▶ _WHAT IS NEEDED_
Wherever the listing has a line with the string "ToWorkspace", copy that line out.
(RECORDS FOR THIS TASK)
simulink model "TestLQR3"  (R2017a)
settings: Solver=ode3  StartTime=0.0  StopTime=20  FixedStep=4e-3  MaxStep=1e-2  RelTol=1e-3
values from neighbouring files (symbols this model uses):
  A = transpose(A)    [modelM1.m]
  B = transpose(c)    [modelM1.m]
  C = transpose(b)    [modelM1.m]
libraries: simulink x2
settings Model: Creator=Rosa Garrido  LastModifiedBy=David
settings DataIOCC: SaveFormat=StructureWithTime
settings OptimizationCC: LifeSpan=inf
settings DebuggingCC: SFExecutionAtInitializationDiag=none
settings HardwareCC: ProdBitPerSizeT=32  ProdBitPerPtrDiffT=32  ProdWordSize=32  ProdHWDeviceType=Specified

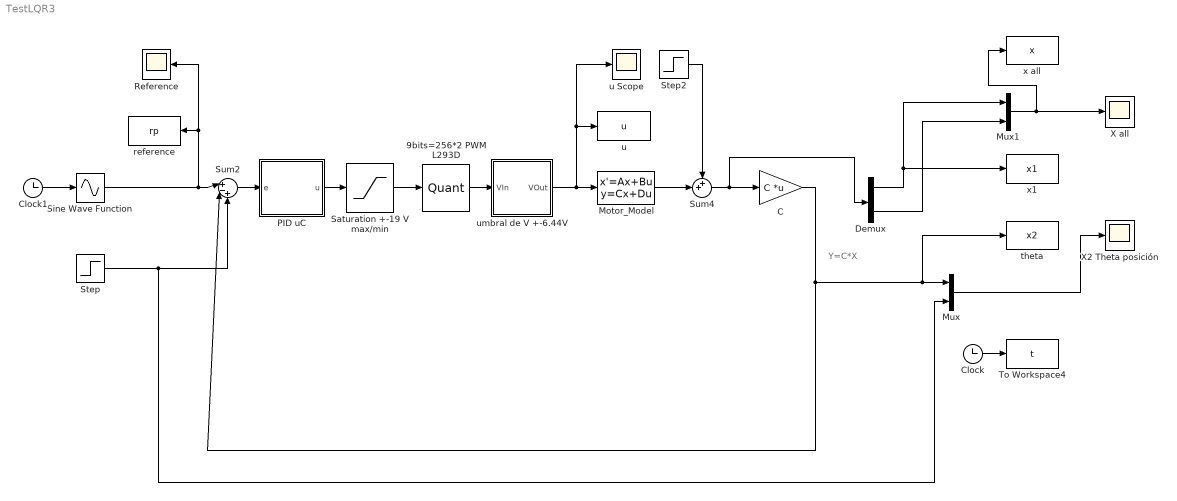
== system TestLQR3 ==
  note: Y=C*X
  9bits=256*2 PWM L293D : Quantizer  QuantizationInterval=0.0781
  C : Gain  Gain=C  Multiplication=Matrix(K*u)
  Clock : Clock
  Clock1 : Clock
  Demux : Demux  Outputs=2
  Motor_Model : StateSpace  A=A  B=B  C=eye(2)  D=zeros(2,1)  X0=[0 -1.6926*3*0]
  Mux : Mux  Inputs=2
  Mux1 : Mux  Inputs=2
  PID uC : Subsystem
  Reference : Scope
  Saturation +-19 V max/min : Saturate  UpperLimit=19  LowerLimit=-19
  Sine Wave Function : Sin  TimeSource=Use external signal  Amplitude=0  SampleTime=0
  Step : Step  Time=0  After=45  SampleTime=0
  Step2 : Step  Time=10  After=0.2  SampleTime=0
  Sum2 : Sum  Inputs=|+-+
  Sum4 : Sum  Inputs=++|
  To Workspace4 : ToWorkspace  VariableName=t  SampleTime=-1
      settings: Save2DSignal=2-D array (concatenate along first dimension)
  X all : Scope
  X2 Theta posición : Scope
  reference : ToWorkspace  VariableName=rp  SampleTime=-1
      settings: Save2DSignal=2-D array (concatenate along first dimension)
  theta : ToWorkspace  VariableName=x2  SampleTime=-1
      settings: Save2DSignal=2-D array (concatenate along first dimension)
  u : ToWorkspace  VariableName=u  SampleTime=-1
      settings: Save2DSignal=2-D array (concatenate along first dimension)
  u Scope : Scope
  umbral de V +-6.44V : Subsystem
  x all : ToWorkspace  VariableName=x  SampleTime=-1
      settings: Save2DSignal=2-D array (concatenate along first dimension)
  x1 : ToWorkspace  VariableName=x1  SampleTime=-1
      settings: Save2DSignal=2-D array (concatenate along first dimension)
  wires:
  Clock/1 -> To Workspace4/1
  Mux1/1 -> x all/1, X all/1
  Demux/1 -> x1/1, Mux1/1
  Demux/2 -> Mux1/2
  Motor_Model/1 -> Sum4/2
  Step2/1 -> Sum4/1
  Sum4/1 -> Demux/1, C/1
  umbral de V +-6.44V/1(VOut) -> u/1, u Scope/1, Motor_Model/1
  C/1 -> theta/1, Mux/1, Sum2/2
  Clock1/1 -> Sine Wave Function/1
  Mux/1 -> X2 Theta posición/1
  Sine Wave Function/1 -> reference/1, Reference/1, Sum2/1
  Step/1 -> Mux/2, Sum2/3
  9bits=256*2 PWM L293D/1 -> umbral de V +-6.44V/1(VIn)
  Saturation +-19 V max/min/1 -> 9bits=256*2 PWM L293D/1
  Sum2/1 -> PID uC/1(e)
  PID uC/1(u) -> Saturation +-19 V max/min/1

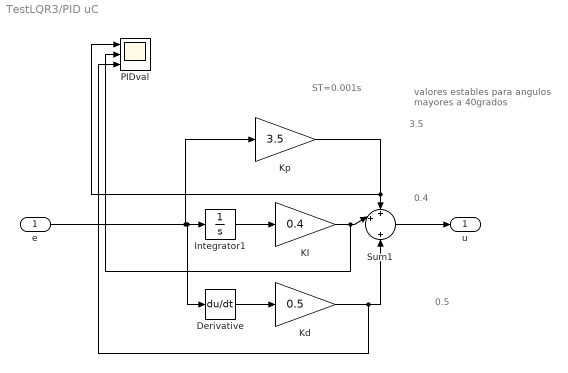
== system TestLQR3/PID uC ==
  note: ST=0.001s
  note: valores estables para angulos
      | mayores a 40grados
  note: 0.5
  note: 0.4
  note: 3.5
  e : Inport
  Derivative : Derivative
  Integrator1 : Integrator
  KI : Gain  Gain=0.4
  Kd : Gain  Gain=0.5
  Kp : Gain  Gain=3.5
  PIDval : Scope  NumInputPorts=3
  Sum1 : Sum  Inputs=++|+
  u : Outport
  wires:
  e/1 -> Integrator1/1, Derivative/1, Kp/1
  Integrator1/1 -> KI/1
  Kp/1 -> PIDval/1, Sum1/1
  KI/1 -> PIDval/2, Sum1/2
  Derivative/1 -> Kd/1
  Sum1/1 -> u/1
  Kd/1 -> PIDval/3, Sum1/3

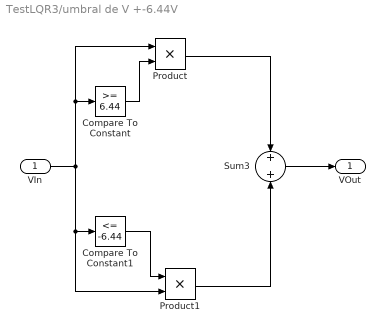
== system TestLQR3/umbral de V +-6.44V ==
  VIn : Inport
  Compare To Constant : simulink/Logic and Bit Operations/Compare To Constant  relop=>=  const=6.44  OutDataTypeStr=boolean
  Compare To Constant1 : simulink/Logic and Bit Operations/Compare To Constant  relop=<=  const=-6.44  OutDataTypeStr=boolean
  Product : Product
  Product1 : Product
  Sum3 : Sum  Inputs=+|+
  VOut : Outport
  wires:
  Compare To Constant1/1 -> Product1/1
  VIn/1 -> Product/1, Compare To Constant/1, Product1/2, Compare To Constant1/1
  Product/1 -> Sum3/1
  Product1/1 -> Sum3/2
  Compare To Constant/1 -> Product/2
  Sum3/1 -> VOut/1
(End RECORDS FOR THIS TASK)
▶ _TASK RESULT_
  To Workspace4 : ToWorkspace  VariableName=t  SampleTime=-1
  reference : ToWorkspace  VariableName=rp  SampleTime=-1
  theta : ToWorkspace  VariableName=x2  SampleTime=-1
  u : ToWorkspace  VariableName=u  SampleTime=-1
  x all : ToWorkspace  VariableName=x  SampleTime=-1
  x1 : ToWorkspace  VariableName=x1  SampleTime=-1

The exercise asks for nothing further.